Output all of the records exactly as written.

-------- Records for this exercise --------

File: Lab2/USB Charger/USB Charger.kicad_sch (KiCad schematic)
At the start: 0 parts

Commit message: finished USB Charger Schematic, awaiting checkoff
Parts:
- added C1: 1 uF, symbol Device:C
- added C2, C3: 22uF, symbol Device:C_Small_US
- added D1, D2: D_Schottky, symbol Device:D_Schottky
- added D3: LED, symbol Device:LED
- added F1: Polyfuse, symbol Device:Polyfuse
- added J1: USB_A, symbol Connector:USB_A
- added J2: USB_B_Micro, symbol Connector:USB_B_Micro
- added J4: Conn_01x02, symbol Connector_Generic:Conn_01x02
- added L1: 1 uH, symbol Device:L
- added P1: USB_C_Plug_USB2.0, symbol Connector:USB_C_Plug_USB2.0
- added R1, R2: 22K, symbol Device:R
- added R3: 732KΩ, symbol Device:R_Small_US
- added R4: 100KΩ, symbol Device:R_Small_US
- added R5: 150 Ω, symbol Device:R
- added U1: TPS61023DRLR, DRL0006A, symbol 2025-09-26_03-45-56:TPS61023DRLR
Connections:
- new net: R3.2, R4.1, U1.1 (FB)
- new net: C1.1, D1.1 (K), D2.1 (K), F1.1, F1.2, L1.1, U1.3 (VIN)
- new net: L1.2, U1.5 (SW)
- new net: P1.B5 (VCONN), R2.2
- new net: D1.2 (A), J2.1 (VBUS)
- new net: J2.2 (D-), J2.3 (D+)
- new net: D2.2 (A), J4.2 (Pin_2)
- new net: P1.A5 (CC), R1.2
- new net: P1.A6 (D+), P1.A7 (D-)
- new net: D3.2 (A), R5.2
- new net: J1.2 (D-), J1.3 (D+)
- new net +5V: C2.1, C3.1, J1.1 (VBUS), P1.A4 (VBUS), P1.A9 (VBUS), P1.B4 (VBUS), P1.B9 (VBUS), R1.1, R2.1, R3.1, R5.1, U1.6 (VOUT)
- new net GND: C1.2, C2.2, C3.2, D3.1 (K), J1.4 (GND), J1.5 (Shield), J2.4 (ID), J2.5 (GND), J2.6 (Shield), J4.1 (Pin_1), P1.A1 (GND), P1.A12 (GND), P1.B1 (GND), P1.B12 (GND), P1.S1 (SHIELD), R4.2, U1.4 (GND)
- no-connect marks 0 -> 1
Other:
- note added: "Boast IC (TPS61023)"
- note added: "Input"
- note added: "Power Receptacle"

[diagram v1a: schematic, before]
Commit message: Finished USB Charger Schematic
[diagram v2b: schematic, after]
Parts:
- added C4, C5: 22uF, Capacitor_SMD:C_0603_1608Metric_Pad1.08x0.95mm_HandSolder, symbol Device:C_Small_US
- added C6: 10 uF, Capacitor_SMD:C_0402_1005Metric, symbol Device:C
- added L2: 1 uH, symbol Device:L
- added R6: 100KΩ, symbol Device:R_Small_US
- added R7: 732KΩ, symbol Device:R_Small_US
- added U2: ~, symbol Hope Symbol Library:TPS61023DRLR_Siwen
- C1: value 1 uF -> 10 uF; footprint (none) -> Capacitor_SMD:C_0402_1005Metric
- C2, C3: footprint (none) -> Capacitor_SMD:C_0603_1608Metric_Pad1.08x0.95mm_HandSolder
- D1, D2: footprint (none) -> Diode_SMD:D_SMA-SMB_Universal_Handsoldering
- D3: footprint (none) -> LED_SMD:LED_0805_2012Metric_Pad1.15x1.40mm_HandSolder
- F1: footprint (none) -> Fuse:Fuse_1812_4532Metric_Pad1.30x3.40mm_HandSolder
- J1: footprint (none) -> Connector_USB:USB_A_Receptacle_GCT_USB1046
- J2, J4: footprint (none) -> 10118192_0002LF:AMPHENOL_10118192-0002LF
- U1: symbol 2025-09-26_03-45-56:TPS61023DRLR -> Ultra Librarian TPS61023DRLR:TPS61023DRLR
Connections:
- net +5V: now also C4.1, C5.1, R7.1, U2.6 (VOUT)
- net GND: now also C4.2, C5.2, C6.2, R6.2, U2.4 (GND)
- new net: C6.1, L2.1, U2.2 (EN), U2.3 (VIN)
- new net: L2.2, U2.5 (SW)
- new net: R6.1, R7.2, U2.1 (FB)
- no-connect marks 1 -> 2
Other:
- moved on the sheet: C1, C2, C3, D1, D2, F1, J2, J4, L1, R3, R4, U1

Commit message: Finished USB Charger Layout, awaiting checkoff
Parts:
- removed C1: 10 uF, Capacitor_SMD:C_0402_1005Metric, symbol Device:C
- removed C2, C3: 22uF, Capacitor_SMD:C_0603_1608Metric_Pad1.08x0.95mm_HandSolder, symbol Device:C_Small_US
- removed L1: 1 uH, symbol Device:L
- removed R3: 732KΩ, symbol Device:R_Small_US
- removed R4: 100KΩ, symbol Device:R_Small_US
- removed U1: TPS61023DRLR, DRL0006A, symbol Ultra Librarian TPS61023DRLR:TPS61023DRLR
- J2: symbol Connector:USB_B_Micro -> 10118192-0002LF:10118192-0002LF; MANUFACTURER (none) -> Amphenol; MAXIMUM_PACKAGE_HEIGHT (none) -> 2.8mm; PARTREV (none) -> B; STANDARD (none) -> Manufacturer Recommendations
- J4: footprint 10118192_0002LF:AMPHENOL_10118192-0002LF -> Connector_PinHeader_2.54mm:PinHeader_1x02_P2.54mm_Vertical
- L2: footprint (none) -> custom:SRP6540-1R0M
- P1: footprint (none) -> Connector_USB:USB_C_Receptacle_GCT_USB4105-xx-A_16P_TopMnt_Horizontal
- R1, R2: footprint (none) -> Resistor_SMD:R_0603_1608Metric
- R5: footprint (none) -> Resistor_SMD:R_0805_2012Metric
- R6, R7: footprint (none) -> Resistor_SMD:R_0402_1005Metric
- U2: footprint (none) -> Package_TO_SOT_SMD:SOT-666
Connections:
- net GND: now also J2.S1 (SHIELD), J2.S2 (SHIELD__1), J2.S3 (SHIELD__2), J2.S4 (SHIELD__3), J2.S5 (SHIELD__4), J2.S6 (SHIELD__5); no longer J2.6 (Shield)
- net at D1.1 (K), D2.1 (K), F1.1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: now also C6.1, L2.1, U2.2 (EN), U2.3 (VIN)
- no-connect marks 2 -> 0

--------

## [Task answer]
File: Lab2/USB Charger/USB Charger.kicad_sch (KiCad schematic)
At the start: 0 parts

Commit message: finished USB Charger Schematic, awaiting checkoff
Parts:
- added C1: 1 uF, symbol Device:C
- added C2, C3: 22uF, symbol Device:C_Small_US
- added D1, D2: D_Schottky, symbol Device:D_Schottky
- added D3: LED, symbol Device:LED
- added F1: Polyfuse, symbol Device:Polyfuse
- added J1: USB_A, symbol Connector:USB_A
- added J2: USB_B_Micro, symbol Connector:USB_B_Micro
- added J4: Conn_01x02, symbol Connector_Generic:Conn_01x02
- added L1: 1 uH, symbol Device:L
- added P1: USB_C_Plug_USB2.0, symbol Connector:USB_C_Plug_USB2.0
- added R1, R2: 22K, symbol Device:R
- added R3: 732KΩ, symbol Device:R_Small_US
- added R4: 100KΩ, symbol Device:R_Small_US
- added R5: 150 Ω, symbol Device:R
- added U1: TPS61023DRLR, DRL0006A, symbol 2025-09-26_03-45-56:TPS61023DRLR
Connections:
- new net: R3.2, R4.1, U1.1 (FB)
- new net: C1.1, D1.1 (K), D2.1 (K), F1.1, F1.2, L1.1, U1.3 (VIN)
- new net: L1.2, U1.5 (SW)
- new net: P1.B5 (VCONN), R2.2
- new net: D1.2 (A), J2.1 (VBUS)
- new net: J2.2 (D-), J2.3 (D+)
- new net: D2.2 (A), J4.2 (Pin_2)
- new net: P1.A5 (CC), R1.2
- new net: P1.A6 (D+), P1.A7 (D-)
- new net: D3.2 (A), R5.2
- new net: J1.2 (D-), J1.3 (D+)
- new net +5V: C2.1, C3.1, J1.1 (VBUS), P1.A4 (VBUS), P1.A9 (VBUS), P1.B4 (VBUS), P1.B9 (VBUS), R1.1, R2.1, R3.1, R5.1, U1.6 (VOUT)
- new net GND: C1.2, C2.2, C3.2, D3.1 (K), J1.4 (GND), J1.5 (Shield), J2.4 (ID), J2.5 (GND), J2.6 (Shield), J4.1 (Pin_1), P1.A1 (GND), P1.A12 (GND), P1.B1 (GND), P1.B12 (GND), P1.S1 (SHIELD), R4.2, U1.4 (GND)
- no-connect marks 0 -> 1
Other:
- note added: "Boast IC (TPS61023)"
- note added: "Input"
- note added: "Power Receptacle"

[diagram v1a: schematic, before]
Commit message: Finished USB Charger Schematic
[diagram v2b: schematic, after]
Parts:
- added C4, C5: 22uF, Capacitor_SMD:C_0603_1608Metric_Pad1.08x0.95mm_HandSolder, symbol Device:C_Small_US
- added C6: 10 uF, Capacitor_SMD:C_0402_1005Metric, symbol Device:C
- added L2: 1 uH, symbol Device:L
- added R6: 100KΩ, symbol Device:R_Small_US
- added R7: 732KΩ, symbol Device:R_Small_US
- added U2: ~, symbol Hope Symbol Library:TPS61023DRLR_Siwen
- C1: value 1 uF -> 10 uF; footprint (none) -> Capacitor_SMD:C_0402_1005Metric
- C2, C3: footprint (none) -> Capacitor_SMD:C_0603_1608Metric_Pad1.08x0.95mm_HandSolder
- D1, D2: footprint (none) -> Diode_SMD:D_SMA-SMB_Universal_Handsoldering
- D3: footprint (none) -> LED_SMD:LED_0805_2012Metric_Pad1.15x1.40mm_HandSolder
- F1: footprint (none) -> Fuse:Fuse_1812_4532Metric_Pad1.30x3.40mm_HandSolder
- J1: footprint (none) -> Connector_USB:USB_A_Receptacle_GCT_USB1046
- J2, J4: footprint (none) -> 10118192_0002LF:AMPHENOL_10118192-0002LF
- U1: symbol 2025-09-26_03-45-56:TPS61023DRLR -> Ultra Librarian TPS61023DRLR:TPS61023DRLR
Connections:
- net +5V: now also C4.1, C5.1, R7.1, U2.6 (VOUT)
- net GND: now also C4.2, C5.2, C6.2, R6.2, U2.4 (GND)
- new net: C6.1, L2.1, U2.2 (EN), U2.3 (VIN)
- new net: L2.2, U2.5 (SW)
- new net: R6.1, R7.2, U2.1 (FB)
- no-connect marks 1 -> 2
Other:
- moved on the sheet: C1, C2, C3, D1, D2, F1, J2, J4, L1, R3, R4, U1

Commit message: Finished USB Charger Layout, awaiting checkoff
Parts:
- removed C1: 10 uF, Capacitor_SMD:C_0402_1005Metric, symbol Device:C
- removed C2, C3: 22uF, Capacitor_SMD:C_0603_1608Metric_Pad1.08x0.95mm_HandSolder, symbol Device:C_Small_US
- removed L1: 1 uH, symbol Device:L
- removed R3: 732KΩ, symbol Device:R_Small_US
- removed R4: 100KΩ, symbol Device:R_Small_US
- removed U1: TPS61023DRLR, DRL0006A, symbol Ultra Librarian TPS61023DRLR:TPS61023DRLR
- J2: symbol Connector:USB_B_Micro -> 10118192-0002LF:10118192-0002LF; MANUFACTURER (none) -> Amphenol; MAXIMUM_PACKAGE_HEIGHT (none) -> 2.8mm; PARTREV (none) -> B; STANDARD (none) -> Manufacturer Recommendations
- J4: footprint 10118192_0002LF:AMPHENOL_10118192-0002LF -> Connector_PinHeader_2.54mm:PinHeader_1x02_P2.54mm_Vertical
- L2: footprint (none) -> custom:SRP6540-1R0M
- P1: footprint (none) -> Connector_USB:USB_C_Receptacle_GCT_USB4105-xx-A_16P_TopMnt_Horizontal
- R1, R2: footprint (none) -> Resistor_SMD:R_0603_1608Metric
- R5: footprint (none) -> Resistor_SMD:R_0805_2012Metric
- R6, R7: footprint (none) -> Resistor_SMD:R_0402_1005Metric
- U2: footprint (none) -> Package_TO_SOT_SMD:SOT-666
Connections:
- net GND: now also J2.S1 (SHIELD), J2.S2 (SHIELD__1), J2.S3 (SHIELD__2), J2.S4 (SHIELD__3), J2.S5 (SHIELD__4), J2.S6 (SHIELD__5); no longer J2.6 (Shield)
- net at D1.1 (K), D2.1 (K), F1.1: now also C6.1, L2.1, U2.2 (EN), U2.3 (VIN)
- no-connect marks 2 -> 0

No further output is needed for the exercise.